■ **Exercise material**:
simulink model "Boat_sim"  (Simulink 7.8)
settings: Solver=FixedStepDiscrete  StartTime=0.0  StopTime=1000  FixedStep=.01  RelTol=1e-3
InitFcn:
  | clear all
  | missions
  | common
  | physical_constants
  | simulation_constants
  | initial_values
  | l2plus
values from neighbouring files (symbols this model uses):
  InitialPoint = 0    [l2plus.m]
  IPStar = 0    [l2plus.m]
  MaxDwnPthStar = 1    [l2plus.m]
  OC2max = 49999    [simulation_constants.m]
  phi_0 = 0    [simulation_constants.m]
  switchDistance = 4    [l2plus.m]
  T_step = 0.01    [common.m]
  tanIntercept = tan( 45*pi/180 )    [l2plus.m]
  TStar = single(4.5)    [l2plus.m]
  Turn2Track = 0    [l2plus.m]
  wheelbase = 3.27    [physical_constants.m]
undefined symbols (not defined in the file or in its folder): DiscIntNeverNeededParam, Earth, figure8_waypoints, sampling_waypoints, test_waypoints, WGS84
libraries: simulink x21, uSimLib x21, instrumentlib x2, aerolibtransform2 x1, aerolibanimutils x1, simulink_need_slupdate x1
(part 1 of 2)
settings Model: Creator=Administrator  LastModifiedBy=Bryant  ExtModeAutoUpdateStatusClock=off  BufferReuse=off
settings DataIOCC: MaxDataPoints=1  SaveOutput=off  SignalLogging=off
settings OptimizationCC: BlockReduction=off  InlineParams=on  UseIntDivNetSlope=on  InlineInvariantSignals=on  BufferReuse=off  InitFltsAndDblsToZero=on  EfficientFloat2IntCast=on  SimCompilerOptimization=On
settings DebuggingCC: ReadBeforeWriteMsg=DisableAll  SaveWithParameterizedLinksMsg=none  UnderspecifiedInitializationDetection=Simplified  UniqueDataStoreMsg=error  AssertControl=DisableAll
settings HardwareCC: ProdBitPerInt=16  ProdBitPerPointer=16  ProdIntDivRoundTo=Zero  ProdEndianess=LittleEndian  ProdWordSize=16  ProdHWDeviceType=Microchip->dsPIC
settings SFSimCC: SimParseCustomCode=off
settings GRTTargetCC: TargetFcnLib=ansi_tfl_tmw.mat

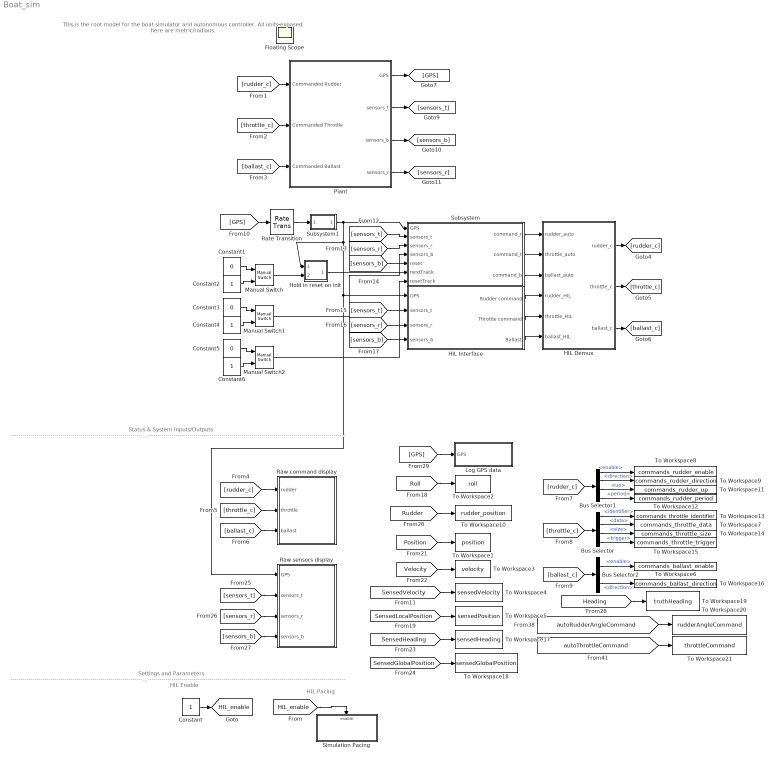
== system Boat_sim ==
  note: This is the root model for the boat simulator and autonomous controller. All
      | units exposed here are metric/radians.
  note: HIL Enable
  note: Settings and Parameters
      | ---------------------------------------------------------------------------------------------------------------------------------------------------------------------------------------------------------------------------------------------------------
  note: HIL Pacing
  note: Status & System Inputs/Outputs
      | ---------------------------------------------------------------------------------------------------------------------------------------------------------------------------------------------------------------------------------------------------------
  Bus Selector : BusSelector  OutputSignals=identifier,data,size,trigger
  Bus Selector1 : BusSelector  OutputSignals=enable,direction,up,period
  Bus Selector2 : BusSelector  OutputSignals=enable,direction
  Constant : Constant  OutDataTypeStr=boolean
  Constant1 : Constant  Value=0  OutDataTypeStr=boolean  SampleTime=Inf
  Constant2 : Constant  OutDataTypeStr=boolean  SampleTime=Inf
  Constant3 : Constant  Value=0  OutDataTypeStr=boolean  SampleTime=Inf
  Constant4 : Constant  OutDataTypeStr=boolean  SampleTime=Inf
  Constant5 : Constant  Value=0  OutDataTypeStr=boolean  SampleTime=Inf
  Constant6 : Constant  OutDataTypeStr=boolean  SampleTime=Inf
  HIL Demux : Subsystem
  HIL Interface : Subsystem
  Hold in reset on init : Subsystem
  Log GPS data : Subsystem
  Manual Switch : simulink/Signal Routing/Manual Switch  sw=1  action=0  varsize=off
  Manual Switch1 : simulink/Signal Routing/Manual Switch  sw=1  action=0  varsize=off
  Manual Switch2 : simulink/Signal Routing/Manual Switch  sw=1  action=0  varsize=off
  Plant : Subsystem
  Rate Transition : RateTransition  OutPortSampleTime=T_step
  Raw command display : Subsystem
  Raw sensors display : Subsystem
  Simulation Pacing : Subsystem  TreatAsAtomicUnit=on
  Subsystem : Subsystem
  Subsystem1 : Subsystem
  To Workspace1 : ToWorkspace  VariableName=position  SampleTime=-1  SaveFormat=Array
  To Workspace10 : ToWorkspace  VariableName=rudder_position  SampleTime=-1  SaveFormat=Array
  To Workspace11 : ToWorkspace  VariableName=commands_rudder_up  SampleTime=-1  SaveFormat=Array
  To Workspace12 : ToWorkspace  VariableName=commands_rudder_period  SampleTime=-1  SaveFormat=Array
  To Workspace13 : ToWorkspace  VariableName=commands_throttle_identifier  SampleTime=-1  SaveFormat=Array
  To Workspace14 : ToWorkspace  VariableName=commands_throttle_size  SampleTime=-1  SaveFormat=Array
  To Workspace15 : ToWorkspace  VariableName=commands_throttle_trigger  SampleTime=-1  SaveFormat=Array
  To Workspace16 : ToWorkspace  VariableName=commands_ballast_direction  SampleTime=-1  SaveFormat=Array
  To Workspace17 : ToWorkspace  VariableName=sensedHeading  SampleTime=-1  SaveFormat=Array
  To Workspace18 : ToWorkspace  VariableName=sensedGlobalPosition  SampleTime=-1  SaveFormat=Array
  To Workspace19 : ToWorkspace  VariableName=truthHeading  SampleTime=-1  SaveFormat=Array
  To Workspace2 : ToWorkspace  VariableName=roll  SampleTime=-1  SaveFormat=Array
  To Workspace20 : ToWorkspace  VariableName=rudderAngleCommand  SampleTime=-1  SaveFormat=Array
  To Workspace21 : ToWorkspace  VariableName=throttleCommand  SampleTime=-1  SaveFormat=Array
  To Workspace3 : ToWorkspace  VariableName=velocity  SampleTime=-1  SaveFormat=Array
  To Workspace4 : ToWorkspace  VariableName=sensedVelocity  SampleTime=-1  SaveFormat=Array
  To Workspace5 : ToWorkspace  VariableName=sensedPosition  SampleTime=-1  SaveFormat=Array
  To Workspace6 : ToWorkspace  VariableName=commands_ballast_enable  SampleTime=-1  SaveFormat=Array
  To Workspace7 : ToWorkspace  VariableName=commands_throttle_data  SampleTime=-1  SaveFormat=Array
  To Workspace8 : ToWorkspace  VariableName=commands_rudder_enable  SampleTime=-1  SaveFormat=Array
  To Workspace9 : ToWorkspace  VariableName=commands_rudder_direction  SampleTime=-1  SaveFormat=Array
  Floating Scope : Scope
      settings: Floating=on
  tag scope: HIL_enable=global
  wires:
  Plant/4(sensors_r) -> [sensors_r]
  Constant/1 -> [HIL_enable]
  Subsystem/1(command_r) -> HIL Demux/1(rudder_auto)
  Subsystem/2(command_t) -> HIL Demux/2(throttle_auto)
  Subsystem/3(command_b) -> HIL Demux/3(ballast_auto)
  [rudder_c] -> Plant/1(Commanded Rudder)
  [throttle_c] -> Plant/2(Commanded Throttle)
  [ballast_c] -> Plant/3(Commanded Ballast)
  Plant/1(GPS) -> [GPS]
  Plant/3(sensors_b) -> [sensors_b]
  Plant/2(sensors_t) -> [sensors_t]
  [sensors_b] -> Subsystem/4(sensors_b)
  [sensors_r] -> Subsystem/3(sensors_r)
  [sensors_t] -> Subsystem/2(sensors_t)
  Constant1/1 -> Manual Switch/1
  Constant2/1 -> Manual Switch/2
  [rudder_c] -> Raw command display/1(rudder)
  [throttle_c] -> Raw command display/2(throttle)
  [ballast_c] -> Raw command display/3(ballast)
  [sensors_t] -> Raw sensors display/2(sensors_t)
  [sensors_r] -> Raw sensors display/3(sensors_r)
  [sensors_b] -> Raw sensors display/4(sensors_b)
  HIL Interface/1(Rudder command) -> HIL Demux/4(rudder_HIL)
  HIL Interface/2(Throttle command) -> HIL Demux/5(throttle_HIL)
  HIL Interface/3(Ballast) -> HIL Demux/6(ballast_HIL)
  HIL Demux/1(rudder_c) -> [rudder_c]
  HIL Demux/3(ballast_c) -> [ballast_c]
  HIL Demux/2(throttle_c) -> [throttle_c]
  [sensors_b] -> HIL Interface/4(sensors_b)
  [sensors_r] -> HIL Interface/3(sensors_r)
  [sensors_t] -> HIL Interface/2(sensors_t)
  [HIL_enable] -> Simulation Pacing/Enable
  [ballast_c] -> Bus Selector2/1
  [Roll] -> To Workspace2/1
  [Rudder] -> To Workspace10/1
  [Position] -> To Workspace1/1
  [throttle_c] -> Bus Selector/1
  Bus Selector/2 -> To Workspace7/1  "<data>"
  [rudder_c] -> Bus Selector1/1
  Bus Selector1/1 -> To Workspace8/1  "<enable>"
  [Velocity] -> To Workspace3/1
  Hold in reset on init/1(Out1) -> Subsystem/5(reset)
  Manual Switch/1 -> Hold in reset on init/2(reset)
  [GPS] -> Rate Transition/1
  Subsystem1/1(GPS+newData) -> Subsystem/1(GPS), Hold in reset on init/1(GPS), HIL Interface/1(GPS), Raw sensors display/1(GPS)
  Constant3/1 -> Manual Switch1/1
  Constant4/1 -> Manual Switch1/2
  Constant5/1 -> Manual Switch2/1
  Constant6/1 -> Manual Switch2/2
  Manual Switch2/1 -> Subsystem/7(resetTrack)
  Manual Switch1/1 -> Subsystem/6(nextTrack)
  [SensedVelocity] -> To Workspace4/1
  [SensedLocalPosition] -> To Workspace5/1
  Bus Selector1/2 -> To Workspace9/1  "<direction>"
  Bus Selector1/3 -> To Workspace11/1  "<up>"
  Bus Selector1/4 -> To Workspace12/1  "<period>"
  Bus Selector/1 -> To Workspace13/1  "<identifier>"
  Bus Selector/3 -> To Workspace14/1  "<size>"
  Bus Selector/4 -> To Workspace15/1  "<trigger>"
  Bus Selector2/1 -> To Workspace6/1  "<enable>"
  Bus Selector2/2 -> To Workspace16/1  "<direction>"
  [SensedHeading] -> To Workspace17/1
  [SensedGlobalPosition] -> To Workspace18/1
  [Heading] -> To Workspace19/1
  [autoRudderAngleCommand] -> To Workspace20/1
  [autoThrottleCommand] -> To Workspace21/1
  [GPS] -> Log GPS data/1(GPS)
  Rate Transition/1 -> Subsystem1/1(GPS)

== system Boat_sim/HIL Demux ==
  rudder_auto : Inport
  throttle_auto : Inport  Port=2
  ballast_auto : Inport  Port=3
  rudder_HIL : Inport  Port=4
  throttle_HIL : Inport  Port=5
  ballast_HIL : Inport  Port=6
  Switch : Switch  Criteria=u2 ~= 0
  Switch1 : Switch  Criteria=u2 ~= 0
  Switch2 : Switch  Criteria=u2 ~= 0
  rudder_c : Outport
  throttle_c : Outport  Port=2
  ballast_c : Outport  Port=3
  wires:
  rudder_HIL/1 -> Switch/1
  [HIL_enable] -> Switch/2, Switch1/2, Switch2/2
  throttle_HIL/1 -> Switch1/1
  ballast_HIL/1 -> Switch2/1
  throttle_auto/1 -> Switch1/3
  rudder_auto/1 -> Switch/3
  ballast_auto/1 -> Switch2/3
  Switch/1 -> rudder_c/1
  Switch1/1 -> throttle_c/1
  Switch2/1 -> ballast_c/1

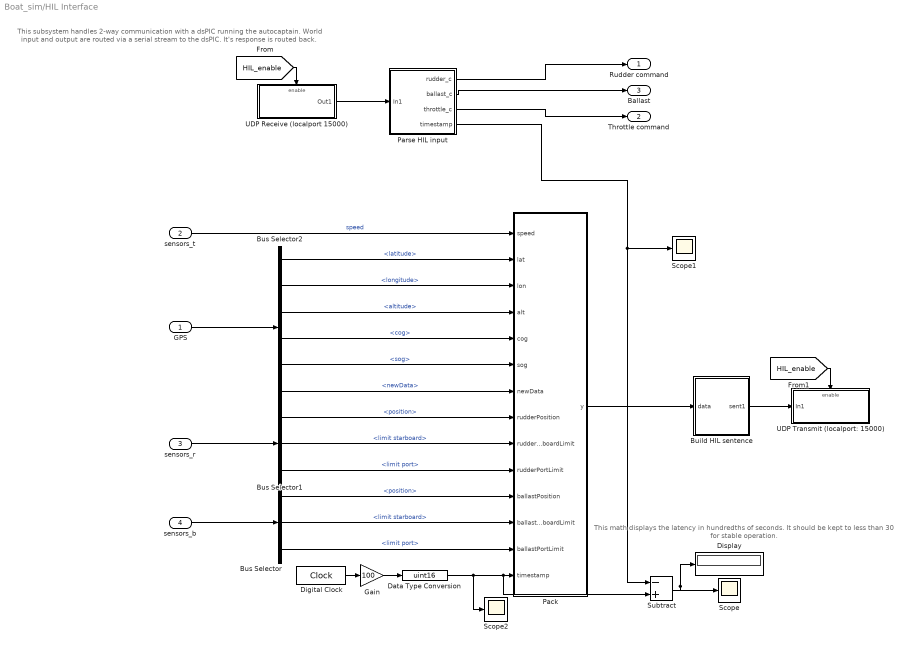
== system Boat_sim/HIL Interface ==
  note: This subsystem handles 2-way communication with a dsPIC running
      | the autocaptain. World input and output are routed via a serial stream
      | to the dsPIC. It's response is routed back.
  note: This math displays the latency in hundredths of seconds.
      | It should be kept to less than 30 for stable operation.
  GPS : Inport
  sensors_t : Inport  Port=2
  sensors_r : Inport  Port=3
  sensors_b : Inport  Port=4
  Build HIL sentence : Subsystem
  Bus Selector : BusSelector  OutputSignals=position,limit starboard,limit port
  Bus Selector1 : BusSelector  OutputSignals=position,limit starboard,limit port
  Bus Selector2 : BusSelector  OutputSignals=latitude,longitude,altitude,cog,sog,newData
  Data Type Conversion : DataTypeConversion  OutDataTypeStr=uint16
  Digital Clock : DigitalClock  SampleTime=.01
  Display : Display
  Gain : Gain  Gain=100
  Pack : MATLAB Function  TreatAsAtomicUnit=on
  Parse HIL input : Subsystem
  Scope : Scope
      settings: YMin=40  YMax=92.5  SaveName=latency  DataFormat=Array
  Scope1 : Scope
      settings: YMin=1470.6  YMax=1625.4  SaveName=latency_in  DataFormat=Array
  Scope2 : Scope
      settings: TimeRange=14  YMin=0  YMax=1400  SaveName=latency_out  DataFormat=Array
  Subtract : Sum  Inputs=-+  OutDataTypeStr=int16
  UDP Receive (localport 15000) : Subsystem  TreatAsAtomicUnit=on
  UDP Transmit (localport: 15000) : Subsystem  TreatAsAtomicUnit=on
  Rudder command : Outport
  Throttle command : Outport  Port=2
  Ballast : Outport  Port=3
  wires:
  UDP Receive (localport 15000)/1(Out1) -> Parse HIL input/1(In1)
  Parse HIL input/2(ballast_c) -> Ballast/1
  Parse HIL input/1(rudder_c) -> Rudder command/1
  sensors_b/1 -> Bus Selector/1
  sensors_r/1 -> Bus Selector1/1
  GPS/1 -> Bus Selector2/1
  Parse HIL input/3(throttle_c) -> Throttle command/1
  Pack/1(y) -> Build HIL sentence/1(data)
  sensors_t/1 -> Pack/1(speed)  "speed"
  Bus Selector2/1 -> Pack/2(lat)  "<latitude>"
  Bus Selector2/2 -> Pack/3(lon)  "<longitude>"
  Bus Selector2/3 -> Pack/4(alt)  "<altitude>"
  Bus Selector2/4 -> Pack/5(cog)  "<cog>"
  Bus Selector2/5 -> Pack/6(sog)  "<sog>"
  [HIL_enable] -> UDP Receive (localport 15000)/Enable
  [HIL_enable] -> UDP Transmit (localport: 15000)/Enable
  Build HIL sentence/1(sent1) -> UDP Transmit (localport: 15000)/1(In1)
  Parse HIL input/4(timestamp) -> Subtract/1, Scope1/1
  Gain/1 -> Data Type Conversion/1
  Digital Clock/1 -> Gain/1
  Data Type Conversion/1 -> Subtract/2, Pack/14(timestamp), Scope2/1
  Subtract/1 -> Scope/1, Display/1
  Bus Selector2/6 -> Pack/7(newData)  "<newData>"
  Bus Selector1/1 -> Pack/8(rudderPosition)  "<position>"
  Bus Selector1/2 -> Pack/9(rudderStarboardLimit)  "<limit starboard>"
  Bus Selector1/3 -> Pack/10(rudderPortLimit)  "<limit port>"
  Bus Selector/1 -> Pack/11(ballastPosition)  "<position>"
  Bus Selector/2 -> Pack/12(ballastStarboardLimit)  "<limit starboard>"
  Bus Selector/3 -> Pack/13(ballastPortLimit)  "<limit port>"

== system Boat_sim/Hold in reset on init ==
  GPS : Inport
  reset : Inport  Port=2
  Bus Selector : BusSelector  OutputSignals=newData
  Compare To Zero : simulink/Logic and Bit Operations/Compare To Zero  relop===  OutDataTypeStr=boolean
  Discrete-Time Integrator : DiscreteIntegrator  SampleTime=-1  LimitOutput=on  UpperSaturationLimit=1  LowerSaturationLimit=0  ICPrevOutput=DiscIntNeverNeededParam  ICPrevScaledInput=DiscIntNeverNeededParam
  Logical Operator : Logic  Operator=OR  AllPortsSameDT=off  OutDataTypeStr=boolean
  Out1 : Outport
  wires:
  Bus Selector/1 -> Discrete-Time Integrator/1  "<newData>"
  Discrete-Time Integrator/1 -> Compare To Zero/1
  Compare To Zero/1 -> Logical Operator/1
  GPS/1 -> Bus Selector/1
  Logical Operator/1 -> Out1/1
  reset/1 -> Logical Operator/2

== system Boat_sim/Log GPS data ==
  GPS : Inport
  Bus Selector3 : BusSelector  OutputSignals=latitude,longitude,altitude,cog,sog
  Mux : Mux  Inputs=3
  To Workspace28 : ToWorkspace  VariableName=globalPosition  SampleTime=-1  SaveFormat=Array
  To Workspace29 : ToWorkspace  VariableName=courseOverGround  SampleTime=-1  SaveFormat=Array
  To Workspace30 : ToWorkspace  VariableName=speedOverGround  SampleTime=-1  SaveFormat=Array
  wires:
  Mux/1 -> To Workspace28/1
  Bus Selector3/1 -> Mux/1  "<latitude>"
  Bus Selector3/2 -> Mux/2  "<longitude>"
  Bus Selector3/3 -> Mux/3  "<altitude>"
  Bus Selector3/4 -> To Workspace29/1  "<cog>"
  Bus Selector3/5 -> To Workspace30/1  "<sog>"
  GPS/1 -> Bus Selector3/1

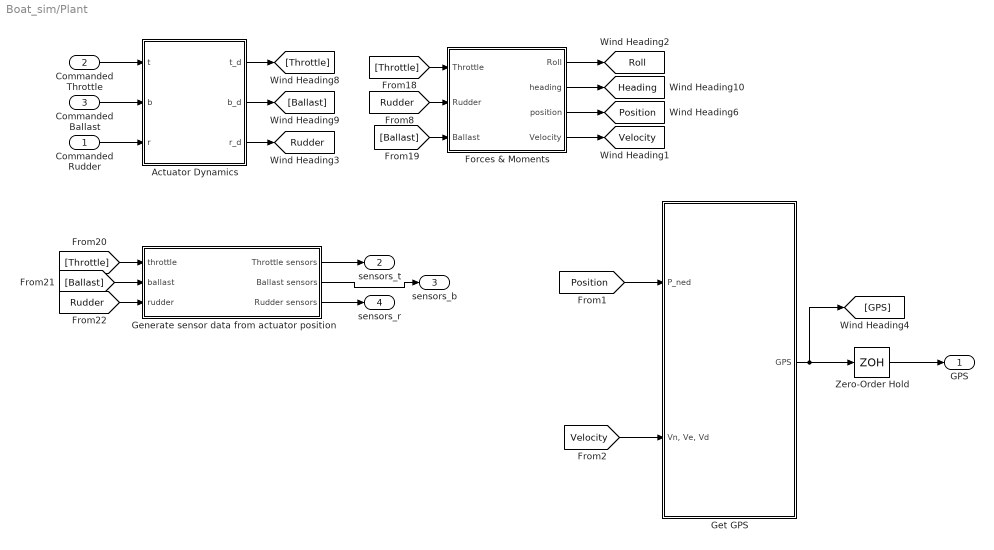
== system Boat_sim/Plant ==
  Commanded Rudder : Inport
  Commanded Throttle : Inport  Port=2
  Commanded Ballast : Inport  Port=3
  Actuator Dynamics : Subsystem
  Forces & Moments : Subsystem
  Generate sensor data from actuator position : Subsystem
  Get GPS : Subsystem
  Zero-Order Hold : ZeroOrderHold  SampleTime=.2
  GPS : Outport
  sensors_t : Outport  Port=2
  sensors_b : Outport  Port=3
  sensors_r : Outport  Port=4
  tag scope: Heading=global, Position=global, Roll=global, Rudder=global, Velocity=global
  wires:
  Commanded Throttle/1 -> Actuator Dynamics/1(t)
  Commanded Rudder/1 -> Actuator Dynamics/3(r)
  Forces & Moments/1(Roll) -> [Roll]
  Commanded Ballast/1 -> Actuator Dynamics/2(b)
  Actuator Dynamics/3(r_d) -> [Rudder]
  [Rudder] -> Forces & Moments/2(Rudder)
  Actuator Dynamics/1(t_d) -> [Throttle]
  [Throttle] -> Forces & Moments/1(Throttle)
  [Ballast] -> Forces & Moments/3(Ballast)
  Actuator Dynamics/2(b_d) -> [Ballast]
  Forces & Moments/2(heading) -> [Heading]
  [Position] -> Get GPS/1(P_ned)
  [Velocity] -> Get GPS/2("Vn, Ve, Vd")
  Get GPS/1(GPS) -> [GPS], Zero-Order Hold/1
  [Rudder] -> Generate sensor data from actuator position/3(rudder)
  [Ballast] -> Generate sensor data from actuator position/2(ballast)
  [Throttle] -> Generate sensor data from actuator position/1(throttle)
  Generate sensor data from actuator position/1(Throttle sensors) -> sensors_t/1
  Generate sensor data from actuator position/2(Ballast sensors) -> sensors_b/1
  Generate sensor data from actuator position/3(Rudder sensors) -> sensors_r/1
  Forces & Moments/4(Velocity) -> [Velocity]
  Forces & Moments/3(position) -> [Position]
  Zero-Order Hold/1 -> GPS/1

== system Boat_sim/Raw command display ==
  rudder : Inport
  throttle : Inport  Port=2
  ballast : Inport  Port=3
  Bus Selector3 : BusSelector  OutputSignals=enable,direction,up,period
  Bus Selector4 : BusSelector  OutputSignals=identifier,data,size,trigger
  Bus Selector5 : BusSelector  OutputSignals=enable,direction
  Display{,1..9} (10 alike) : Display
      Display4 settings: Format=hex (Stored Integer)
      Display5 settings: Format=hex (Stored Integer)
  wires:
  Bus Selector3/4 -> Display3/1  "<period>"
  Bus Selector3/1 -> Display/1  "<enable>"
  Bus Selector3/2 -> Display1/1  "<direction>"
  Bus Selector3/3 -> Display2/1  "<up>"
  Bus Selector4/4 -> Display7/1  "<trigger>"
  Bus Selector4/1 -> Display4/1  "<identifier>"
  Bus Selector4/2 -> Display5/1  "<data>"
  Bus Selector4/3 -> Display6/1  "<size>"
  Bus Selector5/2 -> Display8/1  "<direction>"
  Bus Selector5/1 -> Display9/1  "<enable>"
  rudder/1 -> Bus Selector3/1
  throttle/1 -> Bus Selector4/1
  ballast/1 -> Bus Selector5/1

■ **What you have to do**: Within the listing above, the lines holding "from" should be counted. Give only the number.

■ **Expected answer**: 8